Amazon EBS snapshots capture point-in-time copies of your server volumes. These can be automated and copied across regions for geographic redundancy.
Amazon RDS automated backups handle database backup with point-in-time recovery. You can restore to any second within your retention period.
AWS Backup Vault Lock provides immutable backups that can't be deleted — even by administrators. This is your ransomware protection.
The Cost Perspective: Backup vs. Data Loss
Let's talk money.
Cloud backup costs vary, but for a typical small business, you're looking at somewhere between $100 and $500 per month for comprehensive backup coverage. Maybe more if you have large amounts of data.
Now let's talk about what data loss costs:
Direct costs: Lost revenue during downtime. Cost to recreate lost data. Emergency IT services. Potential regulatory fines.
Indirect costs: Customer trust damage. Employee productivity loss. Competitive disadvantage. Delayed projects.
Existential costs: Some businesses never recover from major data loss. The statistics are grim — a significant percentage of businesses that experience catastrophic data loss close within a year.
A few hundred dollars a month for backup is insurance.
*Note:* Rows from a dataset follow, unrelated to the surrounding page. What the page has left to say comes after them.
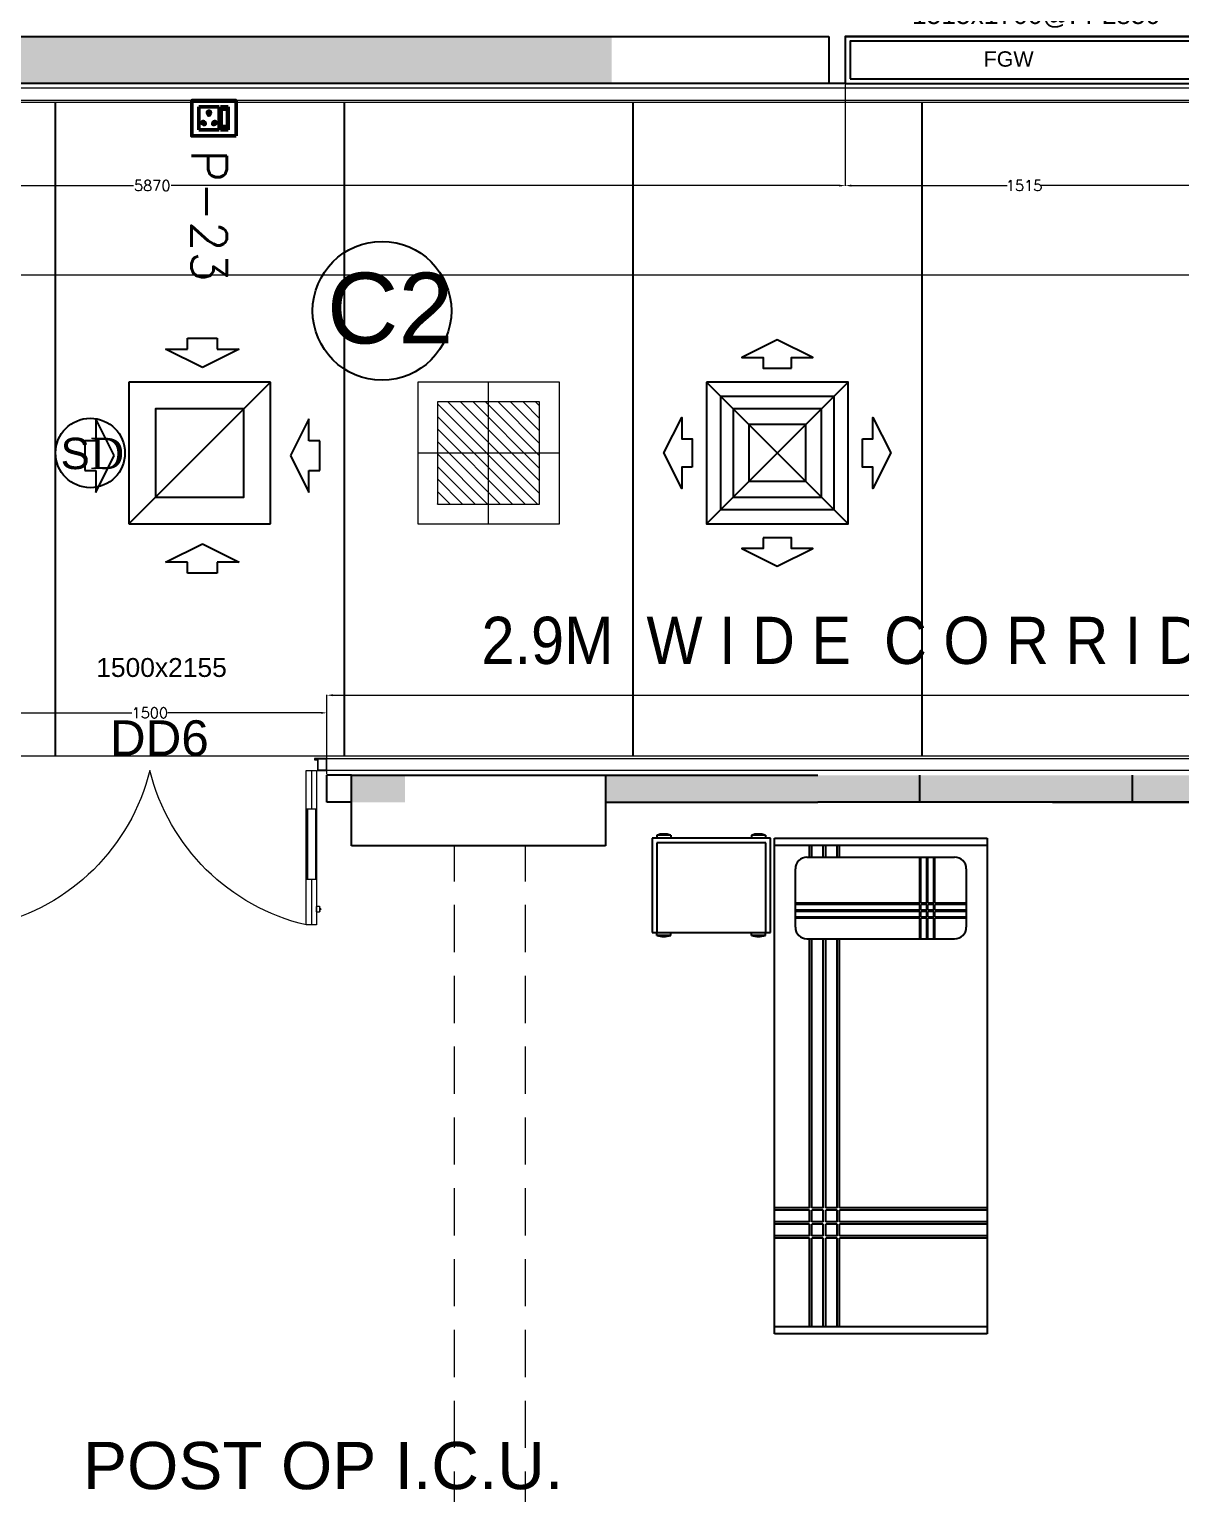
# Model space of a CAD drawing. Extents: x 11369658 to 11598203, y -3946797 to -3787209.
# Drawn here: x 11401377 to 11406253, y -3907370 to -3901166 of the extents above; entities that cross this region are included whole.
import ezdxf

# ---------------------------------------------------------------- set-up
doc = ezdxf.new("R2010")
doc.units = 0
doc.header["$MEASUREMENT"] = 0
doc.header["$PDMODE"] = 35
for name, pattern in [('CENTER', [0]), ('CENTER2', [1.125, 0.75, -0.125, 0.125, -0.125]), ('HIDDEN', [0.375, 0.25, -0.125])]:
    doc.linetypes.add(name, pattern=pattern)
doc.layers.get('0').update_dxf_attribs({"linetype": 'CONTINUOUS'})
doc.layers.get('Defpoints').update_dxf_attribs({"color": 251, "linetype": 'CONTINUOUS'})
for name, color, linetype, lineweight in [('0 Room description', 210, 'CONTINUOUS', 5), ('Ahlada 50mm Wall Panel PCGI', 94, 'CONTINUOUS', 5), ('Ahlada Ceiling Panels', 202, 'CONTINUOUS', 5), ('Dim( Actpl )', 7, 'CONTINUOUS', 5), ('Double Leaf Door', 4, 'CONTINUOUS', 18), ('ELE-1 NO 6-16A RAW POWER SOCKET', 1, 'CONTINUOUS', 0), ('ELE-36W LED LIGHT', 210, 'CONTINUOUS', 18), ('ELE-POWER SOCKET TEXT', 7, 'CONTINUOUS', 5), ('FA-BELOW SMOKE DERECTOR', 1, 'CONTINUOUS', 25), ('Title.Text', 3, 'CONTINUOUS', 13)]:
    doc.layers.add(name, color=color, linetype=linetype, lineweight=lineweight)
for name, color, linetype in [('BEAM', 251, 'CONTINUOUS'), ('ELE 36W LED LIGHT', 6, 'CONTINUOUS'), ('HS', 251, 'CONTINUOUS'), ('HVAC', 7, 'CONTINUOUS'), ('MEP_HVAC_RA_DIFFUSER', 6, 'CONTINUOUS'), ('MEP_HVAC_SA_DIFFUSER', 5, 'CONTINUOUS')]:
    doc.layers.add(name, color=color, linetype=linetype)
doc.styles.add('PDF Times New Roman', font='times.ttf')
doc.styles.add('ROMANS', font='arial.ttf')
doc.styles.get("Standard").update_dxf_attribs({"font": 'arial.ttf'})
doc.styles.add('sudheer', font='romanc.shx')
doc.dimstyles.new('AEPL1', dxfattribs={"dimtxt": 45, "dimasz": 25, "dimexe": 1.25, "dimexo": 5, "dimtad": 0, "dimdec": 0, "dimtxsty": 'sudheer', "dimcen": 2.5, "dimclrd": 250, "dimclre": 250, "dimclrt": 7, "dimadec": 0, "dimazin": 0, "dimtfac": 1, "dimtdec": 0, "dimtmove": 0, "dimatfit": 3, "dimfxl": 1, "dimlwd": 0, "dimlwe": 0, "dimarcsym": 0})

# ---------------------------------------------------------------- blocks, each defined once
blk = doc.blocks.new('*D54')
at = {"layer": 'Defpoints', "color": 0, "ltscale": 500, "transparency": 16777216}
for p in [(11398962.5, -3901416.2), (11404832.5, -3901396.4), (11398962.5, -3901828.7)]:
    blk.add_point(p, dxfattribs=at)
at = {"layer": 'Dim( Actpl )', "color": 250, "lineweight": 0, "ltscale": 500, "transparency": 16777216}
for p, q in [((11398962.5, -3901421.2), (11398962.5, -3901830)), ((11404832.5, -3901401.4), (11404832.5, -3901830)), ((11398987.5, -3901828.7), (11401817.6, -3901828.7)), ((11404807.5, -3901828.7), (11401977.4, -3901828.7))]:
    blk.add_line(p, q, dxfattribs=at)
at = {"layer": 'Dim( Actpl )', "color": 250, "ltscale": 500, "transparency": 16777216}
for points in [[(11398987.5, -3901824.6), (11398987.5, -3901832.9), (11398962.5, -3901828.7)], [(11404807.5, -3901832.9), (11404807.5, -3901824.6), (11404832.5, -3901828.7)]]:
    blk.add_solid(points, dxfattribs=at)
at = {"layer": 'Dim( Actpl )', "color": 7, "ltscale": 500, "transparency": 16777216, "insert": (11401897.5, -3901828.7), "char_height": 45, "attachment_point": 5, "style": 'sudheer'}
blk.add_mtext('5870', dxfattribs=at)
blk = doc.blocks.new('*D59')
at = {"layer": 'Defpoints', "color": 0, "ltscale": 500, "transparency": 16777216}
for p in [(11404832.5, -3901396.4), (11406347.1, -3901396.4), (11406347.1, -3901828.6)]:
    blk.add_point(p, dxfattribs=at)
at = {"layer": 'Dim( Actpl )', "color": 250, "lineweight": 0, "ltscale": 500, "transparency": 16777216}
for p, q in [((11404832.5, -3901401.4), (11404832.5, -3901829.8)), ((11406347.1, -3901401.4), (11406347.1, -3901829.8)), ((11404857.5, -3901828.6), (11405518.4, -3901828.6)), ((11406322.1, -3901828.6), (11405661.1, -3901828.6))]:
    blk.add_line(p, q, dxfattribs=at)
at = {"layer": 'Dim( Actpl )', "color": 250, "ltscale": 500, "transparency": 16777216}
for points in [[(11404857.5, -3901824.4), (11404857.5, -3901832.7), (11404832.5, -3901828.6)], [(11406322.1, -3901832.7), (11406322.1, -3901824.4), (11406347.1, -3901828.6)]]:
    blk.add_solid(points, dxfattribs=at)
at = {"layer": 'Dim( Actpl )', "color": 7, "ltscale": 500, "transparency": 16777216, "insert": (11405589.8, -3901828.6), "char_height": 45, "attachment_point": 5, "style": 'sudheer'}
blk.add_mtext('1515', dxfattribs=at)
blk = doc.blocks.new('*D74')
at = {"layer": 'Defpoints', "color": 0, "ltscale": 500, "transparency": 16777216}
for p in [(11402637.4, -3903987.6), (11402637.4, -3904326.4), (11411237.9, -3904326.4)]:
    blk.add_point(p, dxfattribs=at)
at = {"layer": 'Dim( Actpl )', "color": 250, "lineweight": 0, "ltscale": 500, "transparency": 16777216}
for p, q in [((11402637.4, -3904321.4), (11402637.4, -3903986.3)), ((11402662.4, -3903987.6), (11406857.7, -3903987.6)), ((11411212.9, -3903987.6), (11407017.6, -3903987.6)), ((11411237.9, -3904321.4), (11411237.9, -3903986.3))]:
    blk.add_line(p, q, dxfattribs=at)
at = {"layer": 'Dim( Actpl )', "color": 250, "ltscale": 500, "transparency": 16777216}
for points in [[(11402662.4, -3903983.4), (11402662.4, -3903991.7), (11402637.4, -3903987.6)], [(11411212.9, -3903991.7), (11411212.9, -3903983.4), (11411237.9, -3903987.6)]]:
    blk.add_solid(points, dxfattribs=at)
at = {"layer": 'Dim( Actpl )', "color": 7, "ltscale": 500, "transparency": 16777216, "insert": (11406937.7, -3903987.6), "char_height": 45, "attachment_point": 5, "style": 'sudheer'}
blk.add_mtext('8600', dxfattribs=at)
blk = doc.blocks.new('*D77')
at = {"layer": 'Defpoints', "color": 0, "ltscale": 500, "transparency": 16777216}
for p in [(11402637.4, -3904062.3), (11401137.4, -3904326.4), (11402637.4, -3904326.4)]:
    blk.add_point(p, dxfattribs=at)
at = {"layer": 'Dim( Actpl )', "color": 250, "lineweight": 0, "ltscale": 500, "transparency": 16777216}
for p, q in [((11401137.4, -3904321.4), (11401137.4, -3904061.1)), ((11401162.4, -3904062.3), (11401811.8, -3904062.3)), ((11402612.4, -3904062.3), (11401963.1, -3904062.3)), ((11402637.4, -3904321.4), (11402637.4, -3904061.1))]:
    blk.add_line(p, q, dxfattribs=at)
at = {"layer": 'Dim( Actpl )', "color": 250, "ltscale": 500, "transparency": 16777216}
for points in [[(11401162.4, -3904058.2), (11401162.4, -3904066.5), (11401137.4, -3904062.3)], [(11402612.4, -3904066.5), (11402612.4, -3904058.2), (11402637.4, -3904062.3)]]:
    blk.add_solid(points, dxfattribs=at)
at = {"layer": 'Dim( Actpl )', "color": 7, "ltscale": 500, "transparency": 16777216, "insert": (11401887.4, -3904062.3), "char_height": 45, "attachment_point": 5, "style": 'sudheer'}
blk.add_mtext('1500', dxfattribs=at)
blk = doc.blocks.new('1500x2100x50 DD')
at = {"layer": 'Double Leaf Door'}
for points in [[(44.2, 213.9), (49.1, 213.9), (49.1, 510.4), (44.2, 510.4)], [(87.8, 510.4), (82.8, 510.4), (82.8, 213.9), (87.8, 213.9)], [(1412.2, 510.4), (1417.2, 510.4), (1417.2, 213.9), (1412.2, 213.9)], [(1455.8, 213.9), (1450.9, 213.9), (1450.9, 510.4), (1455.8, 510.4)]]:
    blk.add_hatch(color=6, dxfattribs=at).paths.add_polyline_path(points)
at = {"layer": 'Double Leaf Door', "color": 8}
for p, q in [((44.2, 50), (44.2, 704.2)), ((44.2, 704.2), (87.8, 704.2)), ((66, 510.4), (66, 704.2)), ((87.8, 704.2), (87.8, 50)), ((1455.8, 704.2), (1412.2, 704.2)), ((1412.2, 704.2), (1412.2, 50)), ((1434, 510.4), (1434, 704.2)), ((1455.8, 50), (1455.8, 704.2)), ((29.8, 646.7), (29.8, 628.8)), ((44.2, 648.7), (31.7, 648.7)), ((31.7, 626.8), (44.2, 626.8)), ((44.2, 648.7), (44.2, 626.8)), ((1455.8, 648.7), (1468.3, 648.7)), ((1455.8, 648.7), (1455.8, 626.8)), ((1468.3, 626.8), (1455.8, 626.8)), ((1470.2, 646.7), (1470.2, 628.8)), ((66, 50), (66, 213.9)), ((1434, 50), (1434, 213.9)), ((0, 50), (0, 0)), ((40.2, 50), (0, 50)), ((0, 0), (40.2, 0)), ((2, 48), (2, 2)), ((38.2, 48), (2, 48)), ((2, 2), (40.2, 2)), ((38.2, 3), (38.2, 48)), ((50.1, 3), (38.2, 3)), ((40.2, 5), (40.2, 50)), ((52.1, 5), (40.2, 5)), ((40.2, 2), (50.1, 2)), ((40.2, 0), (52.1, 0)), ((87.8, 50), (44.2, 50)), ((50.1, 2), (50.1, 3)), ((52.1, 0), (52.1, 5)), ((1412.2, 50), (1455.8, 50)), ((1447.9, 0), (1447.9, 5)), ((1447.9, 5), (1459.8, 5)), ((1459.8, 0), (1447.9, 0)), ((1449.9, 2), (1449.9, 3)), ((1449.9, 3), (1461.8, 3)), ((1459.8, 2), (1449.9, 2)), ((1459.8, 5), (1459.8, 50)), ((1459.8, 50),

And unlike most insurance, you will almost certainly need to use it at some point.
| Scenario | Typical Cost |
|---|---|
| Monthly cloud backup | $100-$500 |
| One day of downtime | $10,000-$50,000+ |
| Ransomware ransom | $50,000-$500,000+ |
| Complete data loss | Business closure |
Getting Started: Assessing Your Current State
If you've read this far and you're worried, good. Worry is appropriate. But worry without action is just anxiety.
Here's how to assess and improve your backup strategy:
Step 1: Audit what exists. What backup systems are currently in place? When did they last run successfully? What data are they capturing?
Step 2: Identify the gaps. What data isn't being backed up? Is anything offsite? Has anyone ever tested a restore?
Step 3: Define your requirements. What's your acceptable recovery time? How much data can you afford to lose? These answers drive your backup design.
Step 4: Implement 3-2-1. At minimum, get one copy of your critical data into the cloud. This is your foundation.
Step 5: Test immediately. Don't wait. Restore something today and verify it works.
Step 6: Schedule ongoing tests. Monthly file restores. Quarterly system restores. Put it on the calendar.
The Question You Need to Answer
We started with a question, and we'll end with it: When did you last test a restore?
If the answer is "never" or "I don't know," you have work to do. The good news is that cloud backup is more accessible and affordable than ever. The bad news is that threats are more sophisticated than ever too.
Your backup is the insurance policy you don't think about until you need it. Unlike most insurance, you will need it. Hardware fails. Humans make mistakes. Criminals attack.
The only question is whether you'll be ready.
Don't wait for the disaster to find out your backup doesn't work. Test it today. Improve it this week. And sleep better knowing that when something goes wrong — and something will go wrong — you can recover.